Lawyers for a British gold mining company said Uzbekistan authorities are waging a smear campaign in a bid to steal the company’s half of a lucrative joint venture.
ALMATY, Kazakhstan: Lawyers for a British gold mining company said Uzbekistan authorities are waging a smear campaign in a bid to steal the company’s half of a lucrative joint venture.
Robert Amsterdam, who represents Oxus Gold PLC, said in a statement that the company’s state-run partners have concocted stories of alleged violations of environmental standards as a way of forcing the joint venture into liquidation.
Oxus has a 50% interest in the Amantaytau Goldfields (AFG) venture, where some of the world’s most promising fields are being developed, while Uzbek authorities own the remaining half through two state-owned entities. Uzbekistan is the world’s ninth largest producer of gold, which brings in some 20% of its export revenue, according to the US State Department.
Uzbek authorities this year initiated an audit that Oxus said was being used to squeeze the company out of the venture.

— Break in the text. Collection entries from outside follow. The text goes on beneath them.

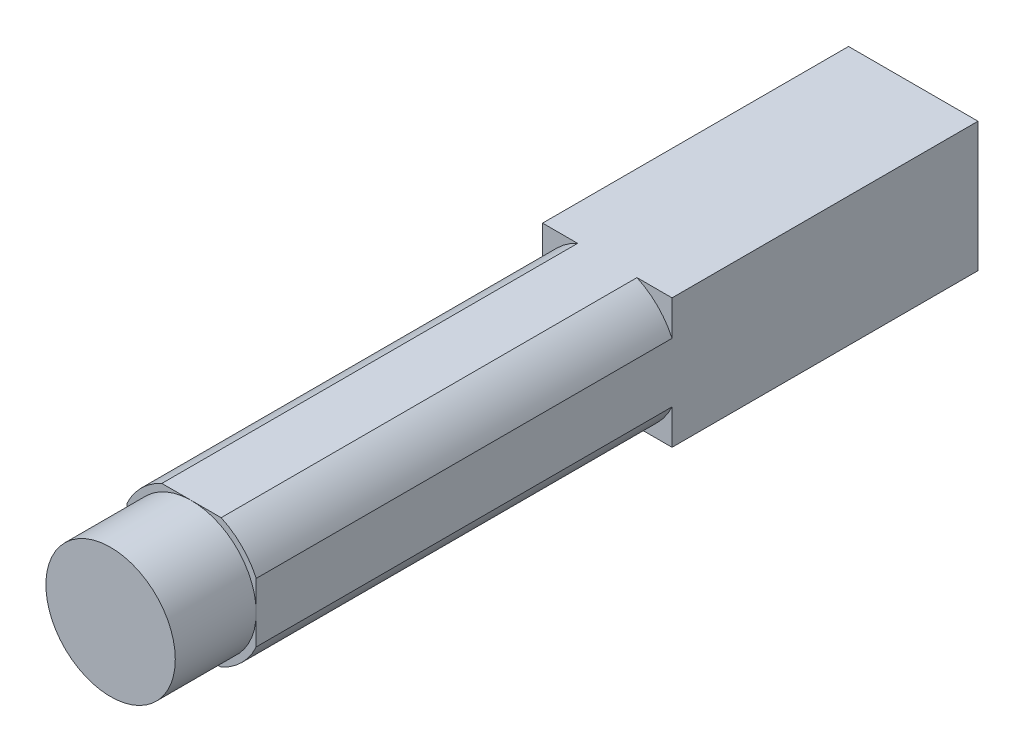
ISO-10303-21;
HEADER;
FILE_DESCRIPTION(('STEP AP214'),'2;1');
FILE_NAME('part.step','',(''),(''),'','','');
FILE_SCHEMA(('AUTOMOTIVE_DESIGN { 1 0 10303 214 1 1 1 1 }'));
ENDSEC;
DATA;
#1=APPLICATION_CONTEXT('core data for automotive mechanical design processes');
#2=APPLICATION_PROTOCOL_DEFINITION('international standard','automotive_design',2000,#1);
#3=PRODUCT_CONTEXT('',#1,'mechanical');
#4=PRODUCT('Part','Part','',(#3));
#5=PRODUCT_RELATED_PRODUCT_CATEGORY('part','',(#4));
#6=PRODUCT_DEFINITION_FORMATION('','',#4);
#7=PRODUCT_DEFINITION_CONTEXT('part definition',#1,'design');
#8=PRODUCT_DEFINITION('design','',#6,#7);
#9=PRODUCT_DEFINITION_SHAPE('','',#8);
#10=(LENGTH_UNIT() NAMED_UNIT(*) SI_UNIT(.MILLI.,.METRE.));
#11=(NAMED_UNIT(*) PLANE_ANGLE_UNIT() SI_UNIT($,.RADIAN.));
#12=(NAMED_UNIT(*) SI_UNIT($,.STERADIAN.) SOLID_ANGLE_UNIT());
#13=UNCERTAINTY_MEASURE_WITH_UNIT(LENGTH_MEASURE(1.E-05),#10,'distance_accuracy_value','');
#14=(GEOMETRIC_REPRESENTATION_CONTEXT(3) GLOBAL_UNCERTAINTY_ASSIGNED_CONTEXT((#13)) GLOBAL_UNIT_ASSIGNED_CONTEXT((#10,
#11,#12)) REPRESENTATION_CONTEXT('',''));
#15=CARTESIAN_POINT('',(0.,0.,0.));
#16=DIRECTION('',(0.,0.,1.));
#17=DIRECTION('',(1.,0.,0.));
#18=AXIS2_PLACEMENT_3D('',#15,#16,#17);
#19=CARTESIAN_POINT('',(3.175,3.175,39.37));
#20=DIRECTION('',(-1.,0.,0.));
#21=DIRECTION('',(0.,-1.,0.));
#22=AXIS2_PLACEMENT_3D('',#19,#20,#21);
#23=PLANE('',#22);
#24=DIRECTION('',(0.,1.,0.));
#25=VECTOR('',#24,1.);
#26=CARTESIAN_POINT('',(3.175,3.175,15.006574));
#27=LINE('',#26,#25);
#28=CARTESIAN_POINT('',(3.175,-3.175,15.006574));
#29=VERTEX_POINT('',#28);
#30=CARTESIAN_POINT('',(3.175,-1.45496778314848,15.006574));
#31=VERTEX_POINT('',#30);
#32=EDGE_CURVE('E153',#29,#31,#27,.T.);
#33=ORIENTED_EDGE('',*,*,#32,.F.);
#34=DIRECTION('',(0.,0.,-1.));
#35=VECTOR('',#34,1.);
#36=CARTESIAN_POINT('',(3.175,-3.175,39.37));
#37=LINE('',#36,#35);
#38=CARTESIAN_POINT('',(3.175,-3.175,0.));
#39=VERTEX_POINT('',#38);
#40=EDGE_CURVE('E223',#29,#39,#37,.T.);
#41=ORIENTED_EDGE('',*,*,#40,.T.);
#42=DIRECTION('',(0.,1.,0.));
#43=VECTOR('',#42,1.);
#44=CARTESIAN_POINT('',(3.175,3.175,0.));
#45=LINE('',#44,#43);
#46=CARTESIAN_POINT('',(3.175,3.175,0.));
#47=VERTEX_POINT('',#46);
#48=EDGE_CURVE('E212',#39,#47,#45,.T.);
#49=ORIENTED_EDGE('',*,*,#48,.T.);
#50=DIRECTION('',(0.,0.,-1.));
#51=VECTOR('',#50,1.);
#52=CARTESIAN_POINT('',(3.175,3.175,39.37));
#53=LINE('',#52,#51);
#54=CARTESIAN_POINT('',(3.175,3.175,15.006574));
#55=VERTEX_POINT('',#54);
#56=EDGE_CURVE('E147',#55,#47,#53,.T.);
#57=ORIENTED_EDGE('',*,*,#56,.F.);
#58=CARTESIAN_POINT('',(3.175,1.45496778314848,15.006574));
#59=VERTEX_POINT('',#58);
#60=EDGE_CURVE('E136',#59,#55,#27,.T.);
#61=ORIENTED_EDGE('',*,*,#60,.F.);
#62=DIRECTION('',(0.,0.,1.));
#63=VECTOR('',#62,1.);
#64=CARTESIAN_POINT('',(3.175,1.45496778314848,15.006574));
#65=LINE('',#64,#63);
#66=CARTESIAN_POINT('',(3.175,1.45496778314848,35.40125));
#67=VERTEX_POINT('',#66);
#68=EDGE_CURVE('E126',#67,#59,#65,.F.);
#69=ORIENTED_EDGE('',*,*,#68,.F.);
#70=DIRECTION('',(0.,1.,0.));
#71=VECTOR('',#70,1.);
#72=CARTESIAN_POINT('',(3.175,-3.175,35.40125));
#73=LINE('',#72,#71);
#74=CARTESIAN_POINT('',(3.175,-1.45496778314848,35.40125));
#75=VERTEX_POINT('',#74);
#76=EDGE_CURVE('E206',#75,#67,#73,.T.);
#77=ORIENTED_EDGE('',*,*,#76,.F.);
#78=DIRECTION('',(0.,0.,1.));
#79=VECTOR('',#78,1.);
#80=CARTESIAN_POINT('',(3.175,-1.45496778314848,15.006574));
#81=LINE('',#80,#79);
#82=EDGE_CURVE('E61',#31,#75,#81,.T.);
#83=ORIENTED_EDGE('',*,*,#82,.F.);
#84=EDGE_LOOP('',(#33,#41,#49,#57,#61,#69,#77,#83));
#85=FACE_BOUND('',#84,.T.);
#86=ADVANCED_FACE('F41',(#85),#23,.F.);
#87=CARTESIAN_POINT('',(-3.175,3.175,39.37));
#88=DIRECTION('',(0.,-1.,0.));
#89=DIRECTION('',(0.,0.,-1.));
#90=AXIS2_PLACEMENT_3D('',#87,#88,#89);
#91=PLANE('',#90);
#92=DIRECTION('',(-1.,0.,0.));
#93=VECTOR('',#92,1.);
#94=CARTESIAN_POINT('',(-3.175,3.175,15.006574));
#95=LINE('',#94,#93);
#96=CARTESIAN_POINT('',(1.45496778314848,3.175,15.006574));
#97=VERTEX_POINT('',#96);
#98=EDGE_CURVE('E142',#55,#97,#95,.T.);
#99=ORIENTED_EDGE('',*,*,#98,.F.);
#100=ORIENTED_EDGE('',*,*,#56,.T.);
#101=DIRECTION('',(-1.,0.,0.));
#102=VECTOR('',#101,1.);
#103=CARTESIAN_POINT('',(-3.175,3.175,0.));
#104=LINE('',#103,#102);
#105=CARTESIAN_POINT('',(-3.175,3.175,0.));
#106=VERTEX_POINT('',#105);
#107=EDGE_CURVE('E216',#47,#106,#104,.T.);
#108=ORIENTED_EDGE('',*,*,#107,.T.);
#109=DIRECTION('',(0.,0.,-1.));
#110=VECTOR('',#109,1.);
#111=CARTESIAN_POINT('',(-3.175,3.175,39.37));
#112=LINE('',#111,#110);
#113=CARTESIAN_POINT('',(-3.175,3.175,15.006574));
#114=VERTEX_POINT('',#113);
#115=EDGE_CURVE('E227',#114,#106,#112,.T.);
#116=ORIENTED_EDGE('',*,*,#115,.F.);
#117=CARTESIAN_POINT('',(-1.45496778314848,3.175,15.006574));
#118=VERTEX_POINT('',#117);
#119=EDGE_CURVE('E160',#118,#114,#95,.T.);
#120=ORIENTED_EDGE('',*,*,#119,.F.);
#121=DIRECTION('',(0.,0.,1.));
#122=VECTOR('',#121,1.);
#123=CARTESIAN_POINT('',(-1.45496778314848,3.175,15.006574));
#124=LINE('',#123,#122);
#125=CARTESIAN_POINT('',(-1.45496778314848,3.175,35.40125));
#126=VERTEX_POINT('',#125);
#127=EDGE_CURVE('E170',#126,#118,#124,.F.);
#128=ORIENTED_EDGE('',*,*,#127,.F.);
#129=DIRECTION('',(-1.,0.,0.));
#130=VECTOR('',#129,1.);
#131=CARTESIAN_POINT('',(3.175,3.175,35.40125));
#132=LINE('',#131,#130);
#133=CARTESIAN_POINT('',(1.45496778314848,3.175,35.40125));
#134=VERTEX_POINT('',#133);
#135=EDGE_CURVE('E215',#134,#126,#132,.T.);
#136=ORIENTED_EDGE('',*,*,#135,.F.);
#137=DIRECTION('',(0.,0.,1.));
#138=VECTOR('',#137,1.);
#139=CARTESIAN_POINT('',(1.45496778314848,3.175,15.006574));
#140=LINE('',#139,#138);
#141=EDGE_CURVE('E54',#97,#134,#140,.T.);
#142=ORIENTED_EDGE('',*,*,#141,.F.);
#143=EDGE_LOOP('',(#99,#100,#108,#116,#120,#128,#136,#142));
#144=FACE_BOUND('',#143,.T.);
#145=ADVANCED_FACE('F249',(#144),#91,.F.);
#146=CARTESIAN_POINT('',(-3.175,3.175,39.37));
#147=DIRECTION('',(1.,0.,0.));
#148=DIRECTION('',(0.,1.,0.));
#149=AXIS2_PLACEMENT_3D('',#146,#147,#148);
#150=PLANE('',#149);
#151=DIRECTION('',(0.,-1.,0.));
#152=VECTOR('',#151,1.);
#153=CARTESIAN_POINT('',(-3.175,3.175,15.006574));
#154=LINE('',#153,#152);
#155=CARTESIAN_POINT('',(-3.175,1.45496778314848,15.006574));
#156=VERTEX_POINT('',#155);
#157=EDGE_CURVE('E163',#114,#156,#154,.T.);
#158=ORIENTED_EDGE('',*,*,#157,.F.);
#159=ORIENTED_EDGE('',*,*,#115,.T.);
#160=DIRECTION('',(0.,-1.,0.));
#161=VECTOR('',#160,1.);
#162=CARTESIAN_POINT('',(-3.175,3.175,0.));
#163=LINE('',#162,#161);
#164=CARTESIAN_POINT('',(-3.175,-3.175,0.));
#165=VERTEX_POINT('',#164);
#166=EDGE_CURVE('E218',#106,#165,#163,.T.);
#167=ORIENTED_EDGE('',*,*,#166,.T.);
#168=DIRECTION('',(0.,0.,-1.));
#169=VECTOR('',#168,1.);
#170=CARTESIAN_POINT('',(-3.175,-3.175,39.37));
#171=LINE('',#170,#169);
#172=CARTESIAN_POINT('',(-3.175,-3.175,15.006574));
#173=VERTEX_POINT('',#172);
#174=EDGE_CURVE('E230',#173,#165,#171,.T.);
#175=ORIENTED_EDGE('',*,*,#174,.F.);
#176=CARTESIAN_POINT('',(-3.175,-1.45496778314848,15.006574));
#177=VERTEX_POINT('',#176);
#178=EDGE_CURVE('E161',#177,#173,#154,.T.);
#179=ORIENTED_EDGE('',*,*,#178,.F.);
#180=DIRECTION('',(0.,0.,1.));
#181=VECTOR('',#180,1.);
#182=CARTESIAN_POINT('',(-3.175,-1.45496778314848,15.006574));
#183=LINE('',#182,#181);
#184=CARTESIAN_POINT('',(-3.175,-1.45496778314848,35.40125));
#185=VERTEX_POINT('',#184);
#186=EDGE_CURVE('E173',#185,#177,#183,.F.);
#187=ORIENTED_EDGE('',*,*,#186,.F.);
#188=DIRECTION('',(0.,-1.,0.));
#189=VECTOR('',#188,1.);
#190=CARTESIAN_POINT('',(-3.175,-3.175,35.40125));
#191=LINE('',#190,#189);
#192=CARTESIAN_POINT('',(-3.175,1.45496778314848,35.40125));
#193=VERTEX_POINT('',#192);
#194=EDGE_CURVE('E199',#193,#185,#191,.T.);
#195=ORIENTED_EDGE('',*,*,#194,.F.);
#196=DIRECTION('',(0.,0.,1.));
#197=VECTOR('',#196,1.);
#198=CARTESIAN_POINT('',(-3.175,1.45496778314848,15.006574));
#199=LINE('',#198,#197);
#200=EDGE_CURVE('E166',#156,#193,#199,.T.);
#201=ORIENTED_EDGE('',*,*,#200,.F.);
#202=EDGE_LOOP('',(#158,#159,#167,#175,#179,#187,#195,#201));
#203=FACE_BOUND('',#202,.T.);
#204=ADVANCED_FACE('F198',(#203),#150,.F.);
#205=CARTESIAN_POINT('',(-3.175,-3.175,39.37));
#206=DIRECTION('',(0.,1.,0.));
#207=DIRECTION('',(0.,0.,1.));
#208=AXIS2_PLACEMENT_3D('',#205,#206,#207);
#209=PLANE('',#208);
#210=DIRECTION('',(1.,0.,0.));
#211=VECTOR('',#210,1.);
#212=CARTESIAN_POINT('',(-3.175,-3.175,15.006574));
#213=LINE('',#212,#211);
#214=CARTESIAN_POINT('',(-1.45496778314848,-3.175,15.006574));
#215=VERTEX_POINT('',#214);
#216=EDGE_CURVE('E11',#173,#215,#213,.T.);
#217=ORIENTED_EDGE('',*,*,#216,.F.);
#218=ORIENTED_EDGE('',*,*,#174,.T.);
#219=DIRECTION('',(1.,0.,0.));
#220=VECTOR('',#219,1.);
#221=CARTESIAN_POINT('',(-3.175,-3.175,0.));
#222=LINE('',#221,#220);
#223=EDGE_CURVE('E225',#165,#39,#222,.T.);
#224=ORIENTED_EDGE('',*,*,#223,.T.);
#225=ORIENTED_EDGE('',*,*,#40,.F.);
#226=CARTESIAN_POINT('',(1.45496778314848,-3.175,15.006574));
#227=VERTEX_POINT('',#226);
#228=EDGE_CURVE('E42',#227,#29,#213,.T.);
#229=ORIENTED_EDGE('',*,*,#228,.F.);
#230=DIRECTION('',(0.,0.,1.));
#231=VECTOR('',#230,1.);
#232=CARTESIAN_POINT('',(1.45496778314848,-3.175,15.006574));
#233=LINE('',#232,#231);
#234=CARTESIAN_POINT('',(1.45496778314848,-3.175,35.40125));
#235=VERTEX_POINT('',#234);
#236=EDGE_CURVE('E141',#235,#227,#233,.F.);
#237=ORIENTED_EDGE('',*,*,#236,.F.);
#238=DIRECTION('',(1.,0.,0.));
#239=VECTOR('',#238,1.);
#240=CARTESIAN_POINT('',(3.175,-3.175,35.40125));
#241=LINE('',#240,#239);
#242=CARTESIAN_POINT('',(-1.45496778314848,-3.175,35.40125));
#243=VERTEX_POINT('',#242);
#244=EDGE_CURVE('E201',#243,#235,#241,.T.);
#245=ORIENTED_EDGE('',*,*,#244,.F.);
#246=DIRECTION('',(0.,0.,1.));
#247=VECTOR('',#246,1.);
#248=CARTESIAN_POINT('',(-1.45496778314848,-3.175,15.006574));
#249=LINE('',#248,#247);
#250=EDGE_CURVE('E171',#215,#243,#249,.T.);
#251=ORIENTED_EDGE('',*,*,#250,.F.);
#252=EDGE_LOOP('',(#217,#218,#224,#225,#229,#237,#245,#251));
#253=FACE_BOUND('',#252,.T.);
#254=ADVANCED_FACE('F238',(#253),#209,.F.);
#255=CARTESIAN_POINT('',(0.,0.,35.40125));
#256=DIRECTION('',(0.,0.,1.));
#257=DIRECTION('',(1.,0.,0.));
#258=AXIS2_PLACEMENT_3D('',#255,#256,#257);
#259=PLANE('',#258);
#260=CARTESIAN_POINT('',(0.,0.,35.40125));
#261=DIRECTION('',(0.,0.,1.));
#262=DIRECTION('',(1.,0.,0.));
#263=AXIS2_PLACEMENT_3D('',#260,#261,#262);
#264=CIRCLE('',#263,3.17373);
#265=CARTESIAN_POINT('',(3.17373,0.,35.40125));
#266=VERTEX_POINT('',#265);
#267=EDGE_CURVE('E154',#266,#266,#264,.T.);
#268=ORIENTED_EDGE('',*,*,#267,.F.);
#269=EDGE_LOOP('',(#268));
#270=FACE_BOUND('',#269,.T.);
#271=ORIENTED_EDGE('',*,*,#76,.T.);
#272=CARTESIAN_POINT('',(0.,0.,35.40125));
#273=DIRECTION('',(0.,0.,1.));
#274=DIRECTION('',(1.,0.,0.));
#275=AXIS2_PLACEMENT_3D('',#272,#273,#274);
#276=CIRCLE('',#275,3.4925);
#277=EDGE_CURVE('E135',#67,#134,#276,.T.);
#278=ORIENTED_EDGE('',*,*,#277,.T.);
#279=ORIENTED_EDGE('',*,*,#135,.T.);
#280=CARTESIAN_POINT('',(0.,0.,35.40125));
#281=DIRECTION('',(0.,0.,1.));
#282=DIRECTION('',(1.,0.,0.));
#283=AXIS2_PLACEMENT_3D('',#280,#281,#282);
#284=CIRCLE('',#283,3.4925);
#285=EDGE_CURVE('E233',#126,#193,#284,.T.);
#286=ORIENTED_EDGE('',*,*,#285,.T.);
#287=ORIENTED_EDGE('',*,*,#194,.T.);
#288=EDGE_CURVE('E235',#185,#243,#284,.T.);
#289=ORIENTED_EDGE('',*,*,#288,.T.);
#290=ORIENTED_EDGE('',*,*,#244,.T.);
#291=EDGE_CURVE('E232',#235,#75,#284,.T.);
#292=ORIENTED_EDGE('',*,*,#291,.T.);
#293=EDGE_LOOP('',(#271,#278,#279,#286,#287,#289,#290,#292));
#294=FACE_BOUND('',#293,.T.);
#295=ADVANCED_FACE('F246',(#270,#294),#259,.T.);
#296=CARTESIAN_POINT('',(0.,0.,0.));
#297=DIRECTION('',(0.,0.,1.));
#298=DIRECTION('',(1.,0.,0.));
#299=AXIS2_PLACEMENT_3D('',#296,#297,#298);
#300=PLANE('',#299);
#301=ORIENTED_EDGE('',*,*,#48,.F.);
#302=ORIENTED_EDGE('',*,*,#223,.F.);
#303=ORIENTED_EDGE('',*,*,#166,.F.);
#304=ORIENTED_EDGE('',*,*,#107,.F.);
#305=EDGE_LOOP('',(#301,#302,#303,#304));
#306=FACE_BOUND('',#305,.T.);
#307=ADVANCED_FACE('F250',(#306),#300,.F.);
#308=CARTESIAN_POINT('',(0.,0.,35.40125));
#309=DIRECTION('',(0.,0.,1.));
#310=DIRECTION('',(1.,0.,0.));
#311=AXIS2_PLACEMENT_3D('',#308,#309,#310);
#312=CYLINDRICAL_SURFACE('',#311,3.17373);
#313=ORIENTED_EDGE('',*,*,#267,.T.);
#314=EDGE_LOOP('',(#313));
#315=FACE_BOUND('',#314,.T.);
#316=CARTESIAN_POINT('',(0.,0.,39.37));
#317=DIRECTION('',(0.,0.,1.));
#318=DIRECTION('',(1.,0.,0.));
#319=AXIS2_PLACEMENT_3D('',#316,#317,#318);
#320=CIRCLE('',#319,3.17373);
#321=CARTESIAN_POINT('',(3.17373,0.,39.37));
#322=VERTEX_POINT('',#321);
#323=EDGE_CURVE('E151',#322,#322,#320,.T.);
#324=ORIENTED_EDGE('',*,*,#323,.F.);
#325=EDGE_LOOP('',(#324));
#326=FACE_BOUND('',#325,.T.);
#327=ADVANCED_FACE('F259',(#315,#326),#312,.T.);
#328=CARTESIAN_POINT('',(0.,0.,39.37));
#329=DIRECTION('',(0.,0.,1.));
#330=DIRECTION('',(1.,0.,0.));
#331=AXIS2_PLACEMENT_3D('',#328,#329,#330);
#332=PLANE('',#331);
#333=ORIENTED_EDGE('',*,*,#323,.T.);
#334=EDGE_LOOP('',(#333));
#335=FACE_BOUND('',#334,.T.);
#336=ADVANCED_FACE('F273',(#335),#332,.T.);
#337=CARTESIAN_POINT('',(0.,0.,15.006574));
#338=DIRECTION('',(0.,0.,1.));
#339=DIRECTION('',(1.,0.,0.));
#340=AXIS2_PLACEMENT_3D('',#337,#338,#339);
#341=CYLINDRICAL_SURFACE('',#340,3.4925);
#342=ORIENTED_EDGE('',*,*,#82,.T.);
#343=ORIENTED_EDGE('',*,*,#291,.F.);
#344=ORIENTED_EDGE('',*,*,#236,.T.);
#345=CARTESIAN_POINT('',(0.,0.,15.006574));
#346=DIRECTION('',(0.,0.,1.));
#347=DIRECTION('',(1.,0.,0.));
#348=AXIS2_PLACEMENT_3D('',#345,#346,#347);
#349=CIRCLE('',#348,3.4925);
#350=EDGE_CURVE('E148',#227,#31,#349,.T.);
#351=ORIENTED_EDGE('',*,*,#350,.T.);
#352=EDGE_LOOP('',(#342,#343,#344,#351));
#353=FACE_BOUND('',#352,.T.);
#354=ADVANCED_FACE('F274',(#353),#341,.T.);
#355=CARTESIAN_POINT('',(0.,0.,15.006574));
#356=DIRECTION('',(0.,0.,1.));
#357=DIRECTION('',(1.,0.,0.));
#358=AXIS2_PLACEMENT_3D('',#355,#356,#357);
#359=PLANE('',#358);
#360=ORIENTED_EDGE('',*,*,#32,.T.);
#361=ORIENTED_EDGE('',*,*,#350,.F.);
#362=ORIENTED_EDGE('',*,*,#228,.T.);
#363=EDGE_LOOP('',(#360,#361,#362));
#364=FACE_BOUND('',#363,.T.);
#365=ADVANCED_FACE('F231',(#364),#359,.T.);
#366=ORIENTED_EDGE('',*,*,#186,.T.);
#367=EDGE_CURVE('E179',#177,#215,#349,.T.);
#368=ORIENTED_EDGE('',*,*,#367,.T.);
#369=ORIENTED_EDGE('',*,*,#250,.T.);
#370=ORIENTED_EDGE('',*,*,#288,.F.);
#371=EDGE_LOOP('',(#366,#368,#369,#370));
#372=FACE_BOUND('',#371,.T.);
#373=ADVANCED_FACE('F283',(#372),#341,.T.);
#374=ORIENTED_EDGE('',*,*,#178,.T.);
#375=ORIENTED_EDGE('',*,*,#216,.T.);
#376=ORIENTED_EDGE('',*,*,#367,.F.);
#377=EDGE_LOOP('',(#374,#375,#376));
#378=FACE_BOUND('',#377,.T.);
#379=ADVANCED_FACE('F294',(#378),#359,.T.);
#380=ORIENTED_EDGE('',*,*,#127,.T.);
#381=EDGE_CURVE('E145',#118,#156,#349,.T.);
#382=ORIENTED_EDGE('',*,*,#381,.T.);
#383=ORIENTED_EDGE('',*,*,#200,.T.);
#384=ORIENTED_EDGE('',*,*,#285,.F.);
#385=EDGE_LOOP('',(#380,#382,#383,#384));
#386=FACE_BOUND('',#385,.T.);
#387=ADVANCED_FACE('F186',(#386),#341,.T.);
#388=ORIENTED_EDGE('',*,*,#119,.T.);
#389=ORIENTED_EDGE('',*,*,#157,.T.);
#390=ORIENTED_EDGE('',*,*,#381,.F.);
#391=EDGE_LOOP('',(#388,#389,#390));
#392=FACE_BOUND('',#391,.T.);
#393=ADVANCED_FACE('F289',(#392),#359,.T.);
#394=ORIENTED_EDGE('',*,*,#60,.T.);
#395=ORIENTED_EDGE('',*,*,#98,.T.);
#396=EDGE_CURVE('E133',#59,#97,#349,.T.);
#397=ORIENTED_EDGE('',*,*,#396,.F.);
#398=EDGE_LOOP('',(#394,#395,#397));
#399=FACE_BOUND('',#398,.T.);
#400=ADVANCED_FACE('F139',(#399),#359,.T.);
#401=ORIENTED_EDGE('',*,*,#68,.T.);
#402=ORIENTED_EDGE('',*,*,#396,.T.);
#403=ORIENTED_EDGE('',*,*,#141,.T.);
#404=ORIENTED_EDGE('',*,*,#277,.F.);
#405=EDGE_LOOP('',(#401,#402,#403,#404));
#406=FACE_BOUND('',#405,.T.);
#407=ADVANCED_FACE('F128',(#406),#341,.T.);
#408=CLOSED_SHELL('',(#86,#145,#204,#254,#295,#307,#327,#336,#354,#365,#373,#379,#387,#393,#400,#407));
#409=MANIFOLD_SOLID_BREP('B2',#408);
#410=ADVANCED_BREP_SHAPE_REPRESENTATION('',(#18,#409),#14);
#411=SHAPE_DEFINITION_REPRESENTATION(#9,#410);
ENDSEC;
END-ISO-10303-21;

In a new escalation of tensions, AGF’s state-owned stakeholders last month accused Oxus of failing to live up to its investment obligations, introduce new equipment and putting workers’ lives at risk by disregarding safety standards.
Amsterdam dismissed those charges and said Oxus has implemented an environmental plan that far exceeds local regulations.
“In most countries, these false allegations would be the source of jokes, but the Uzbek officials are shamelessly motivated by their desire to steal a profitable foreign investment,” he said.
Amsterdam said that as well pursuing bogus tax claims, Uzbek authorities have subjected Oxus to a campaign of bureaucratic harassment and jailed a senior technician in the company on fabricated spying charges.
“This kind of conduct effectively holds Oxus hostage. The international business community should take note of what happens to foreign investors who achieve success in Uzbekistan,” he said.
Amsterdam, who is representing Oxus in an international arbitration case against Uzbekistan, says the government’s treatment of the company has cost it more than $400 million.
Oxus operations are focused on Uzbekistan, where it has been operating since the mid-1990s. The company estimates reserves at sites being developed by AGF at 2.8 million ounces of gold and 6.7 million ounces of silver.
Several partly foreign-owned ventures were liquidated in Uzbekistan in the past. The government was quick to buy them up at what market observers consider below-market rates.
Uzbek officials say they were willing to part ways with Oxus on amicable terms, but adds that the British miner has resisted all overtures and insisted on trying to sell its assets to another foreign company.